TrumpCare (AHCA) Food for Thought

I have read everything coming out of Washington, as I’m sure many of you have as well. Unfortunately, it’s all sound and fury with very little substance therefore difficult to analyze. So, since I do not have any hard facts and little or no detail about the effect of the proposed changes, here are a few educated guesses:

Penalties/taxes – These punitive measures are almost assuredly going to be repealed. The Republicans view the challenge to insure the uninsured as more of a “carrot and stick” concept (the stick being taxes and penalties, while the carrot is refundable tax credits) Tax Credits, depending on how they are applied, could be a game changer for the low-wage hourly service sector marketplace. Imagine the employer no longer having to contribute to the cost of the health plan, simply redirecting withholding from statutory taxes to a vehicle for funding their contribution to premiums.

Limited Medical Plans (Industry leaders) – talking with these folks, I get the sense that they are way out ahead of the curve, as they have already taken steps to file various product options in all states in anticipation of any of the contingencies that may come out of this repeal process. One option that they have discussed is a sort of a mid-level limited risk plan, with much higher benefits than the limited medical (MEC Plus & MVP) but nowhere near as expensive as a major-medical plan. They believe that the government will allow caps on coverage and do away with costly requirements, such as one size fits all unlimited lifetime benefits.

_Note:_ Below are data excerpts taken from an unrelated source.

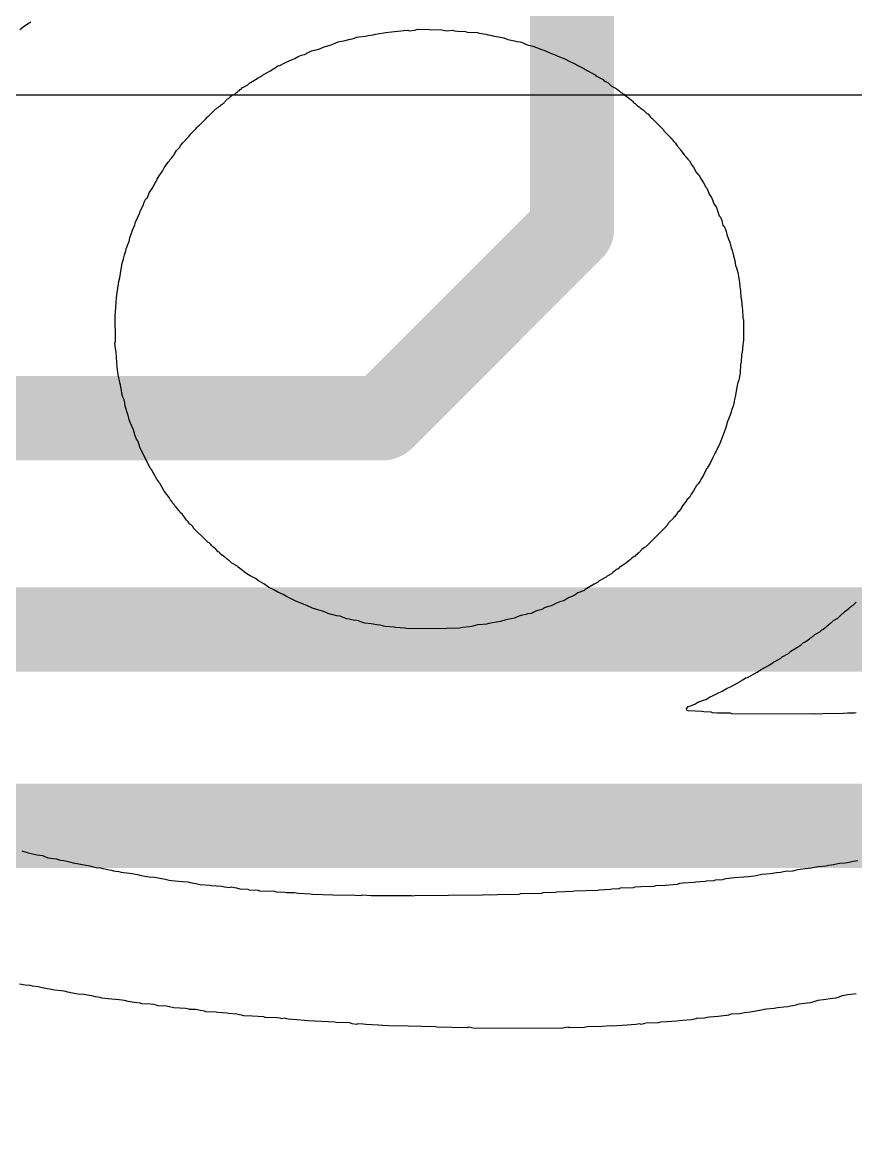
# Model space of a CAD drawing. Header units: inches. Extents: x 29 to 267, y 155 to 337.
# Drawn here: x 89.45 to 92.466, y 258.483 to 262.571 of the extents above; entities that cross this region are included whole.
import ezdxf

# ---------------------------------------------------------------- set-up
doc = ezdxf.new("R2010")
doc.units = ezdxf.units.IN
for name, color, linetype in [('Board Outline', 216, 'Continuous'), ('Bottom Layer', 5, 'Continuous'), ('Top Layer', 1, 'Continuous'), ('Top Overlay', 2, 'Continuous')]:
    doc.layers.add(name, color=color, linetype=linetype)

msp = doc.modelspace()

# ---------------------------------------------------------------- linework, layer by layer
at = {"layer": 'Board Outline'}
msp.add_lwpolyline([(55.1445, 191.4906, 0.254, 0.254, -2.452185), (125.1447, 191.4906, 0.254, 0.254, 0)], format="xyseb", dxfattribs=at)
at = {"layer": 'Bottom Layer'}
msp.add_line((76.1257, 262.3096), (93.0472, 262.3096), dxfattribs=at)
at = {"layer": 'Top Layer'}
for points in [[(91.44, 261.8255, 0.3048, 0.3048, 0), (91.44, 266.5613, 0.3048, 0.3048, 0)], [(90.7541, 261.1396, 0.3048, 0.3048, 0), (91.44, 261.8255, 0.3048, 0.3048, 0)], [(69.9273, 261.1396, 0.3048, 0.3048, 0), (90.7541, 261.1396, 0.3048, 0.3048, 0)], [(70.2945, 260.3754, 0.3048, 0.3048, 0), (93.2158, 260.3754, 0.3048, 0.3048, 0)], [(70.7148, 259.6644, 0.3048, 0.3048, 0), (95.809, 259.6644, 0.3048, 0.3048, 0)]]:
    msp.add_lwpolyline(points, format="xyseb", dxfattribs=at)
for points in [[(91.3638, 261.8255, 0.1524, 0.1524, 1), (91.5162, 261.8255, 0.1524, 0.1524, 1)], [(91.3638, 261.8255, 0.1524, 0.1524, 1), (91.5162, 261.8255, 0.1524, 0.1524, 1)], [(90.6779, 261.1396, 0.1524, 0.1524, 1), (90.8303, 261.1396, 0.1524, 0.1524, 1)], [(90.6779, 261.1396, 0.1524, 0.1524, 1), (90.8303, 261.1396, 0.1524, 0.1524, 1)]]:
    msp.add_lwpolyline(points, format="xyseb", close=True, dxfattribs=at)
at = {"layer": 'Top Overlay'}
for p, q in [((89.4577, 262.5582), (89.4407, 262.5445)), ((89.4739, 262.5692), (89.4577, 262.5582)), ((89.4773, 262.5709), (89.4739, 262.5692)), ((89.4799, 262.5735), (89.4773, 262.5709)), ((90.6433, 262.5122), (90.6527, 262.5147)), ((90.6527, 262.5147), (90.6612, 262.5181)), ((90.6612, 262.5181), (90.668, 262.5198)), ((90.668, 262.5198), (90.6927, 262.5224)), ((90.6927, 262.5224), (90.7012, 262.5241)), ((90.7012, 262.5241), (90.7114, 262.5258)), ((90.7114, 262.5258), (90.72, 262.5275)), ((90.72, 262.5275), (90.7268, 262.5292)), ((90.7268, 262.5292), (90.7353, 262.5309)), ((90.7353, 262.5309), (90.766, 262.536)), ((90.766, 262.536), (90.7864, 262.5377)), ((90.7864, 262.5377), (90.8205, 262.5411)), ((90.8205, 262.5411), (90.8307, 262.5428)), ((90.8307, 262.5428), (90.8452, 262.5437)), ((90.8452, 262.5437), (90.8503, 262.542)), ((90.8503, 262.542), (90.869, 262.5437)), ((90.869, 262.5437), (90.8741, 262.5454)), ((90.8741, 262.5454), (90.8809, 262.5471)), ((90.8809, 262.5471), (90.9678, 262.5454)), ((90.9678, 262.5454), (90.9729, 262.5437)), ((90.9729, 262.5437), (90.9848, 262.542)), ((90.9848, 262.542), (91.0087, 262.5437)), ((91.0087, 262.5437), (91.0138, 262.542)), ((91.0138, 262.542), (91.0257, 262.5403)), ((91.0257, 262.5403), (91.0547, 262.5386)), ((91.0547, 262.5386), (91.0598, 262.5369)), ((91.0598, 262.5369), (91.0973, 262.5352)), ((91.0973, 262.5352), (91.1041, 262.5335)), ((91.1041, 262.5335), (91.1203, 262.5309)), ((91.1203, 262.5309), (91.1288, 262.5292)), ((91.1288, 262.5292), (91.1356, 262.5275)), ((91.1356, 262.5275), (91.1441, 262.5258)), ((91.1441, 262.5258), (91.1577, 262.5224)), ((91.1577, 262.5224), (91.1663, 262.5207)), ((91.1663, 262.5207), (91.1867, 262.5173)), ((91.1867, 262.5173), (91.1935, 262.5156)), ((91.1935, 262.5156), (91.208, 262.5096)), ((90.496, 262.4687), (90.5232, 262.4756)), ((90.5232, 262.4756), (90.542, 262.4841)), ((90.542, 262.4841), (90.5556, 262.4875)), ((90.5556, 262.4875), (90.5675, 262.4909)), ((90.5675, 262.4909), (90.5743, 262.4926)), ((90.5743, 262.4926), (90.5931, 262.5011)), ((90.5931, 262.5011), (90.6067, 262.5045)), ((90.6067, 262.5045), (90.6186, 262.5062)), ((90.6186, 262.5062), (90.6322, 262.5096)), ((90.6322, 262.5096), (90.6433, 262.5122)), ((91.208, 262.5096), (91.2199, 262.5079)), ((91.2199, 262.5079), (91.231, 262.5054)), ((91.231, 262.5054), (91.2404, 262.5028)), ((91.2404, 262.5028), (91.2523, 262.5011)), ((91.2523, 262.5011), (91.2591, 262.4994)), ((91.2591, 262.4994), (91.2778, 262.4909)), ((91.2778, 262.4909), (91.2983, 262.4858)), ((91.2983, 262.4858), (91.3145, 262.4798)), ((91.3145, 262.4798), (91.3289, 262.4739)), ((91.3289, 262.4739), (91.3383, 262.4713)), ((90.4006, 262.4262), (90.4159, 262.433)), ((90.4159, 262.433), (90.4244, 262.4364)), ((90.4244, 262.4364), (90.4363, 262.4415)), ((90.4363, 262.4415), (90.4483, 262.4483)), ((90.4483, 262.4483), (90.4602, 262.4534)), ((90.4602, 262.4534), (90.4713, 262.456)), ((90.4713, 262.456), (90.4772, 262.4585)), ((90.4772, 262.4585), (90.4806, 262.4619)), ((90.4806, 262.4619), (90.484, 262.4636)), ((90.484, 262.4636), (90.496, 262.4687)), ((91.3383, 262.4713), (91.3468, 262.4679)), ((91.3468, 262.4679), (91.3681, 262.4585)), ((91.3681, 262.4585), (91.3792, 262.4543)), ((91.3792, 262.4543), (91.3886, 262.45)), ((91.3886, 262.45), (91.4141, 262.4398)), ((91.4141, 262.4398), (91.4294, 262.4313)), ((90.3222, 262.3836), (90.3478, 262.3972)), ((90.3478, 262.3972), (90.358, 262.404)), ((90.358, 262.404), (90.3614, 262.4057)), ((90.3614, 262.4057), (90.375, 262.4142)), ((90.375, 262.4142), (90.3818, 262.4159)), ((90.3818, 262.4159), (90.4006, 262.4262)), ((91.4294, 262.4313), (91.4482, 262.4227)), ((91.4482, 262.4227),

Low-Wage Workforce Challenges – On the Surface you would think that once an employer is no longer required by law to cover low-wage hourly workers, many of them will immediately cease to sponsor plans like limited (skinny) MEC. In my opinion, this may not be true. There is an old axiom in the insurance industry that says “you can give away benefits, but it is very difficult to take them away” add to this the pressure that the Trump administration has put on immigration and what you have is a tightening hourly workforce. Many employers will find that they will need to continue to offer some form of health insurance benefits in order to attract and retain hourly workers. Industries most affected by this are: Food services, hospitality, agriculture, retail and light manufacturing.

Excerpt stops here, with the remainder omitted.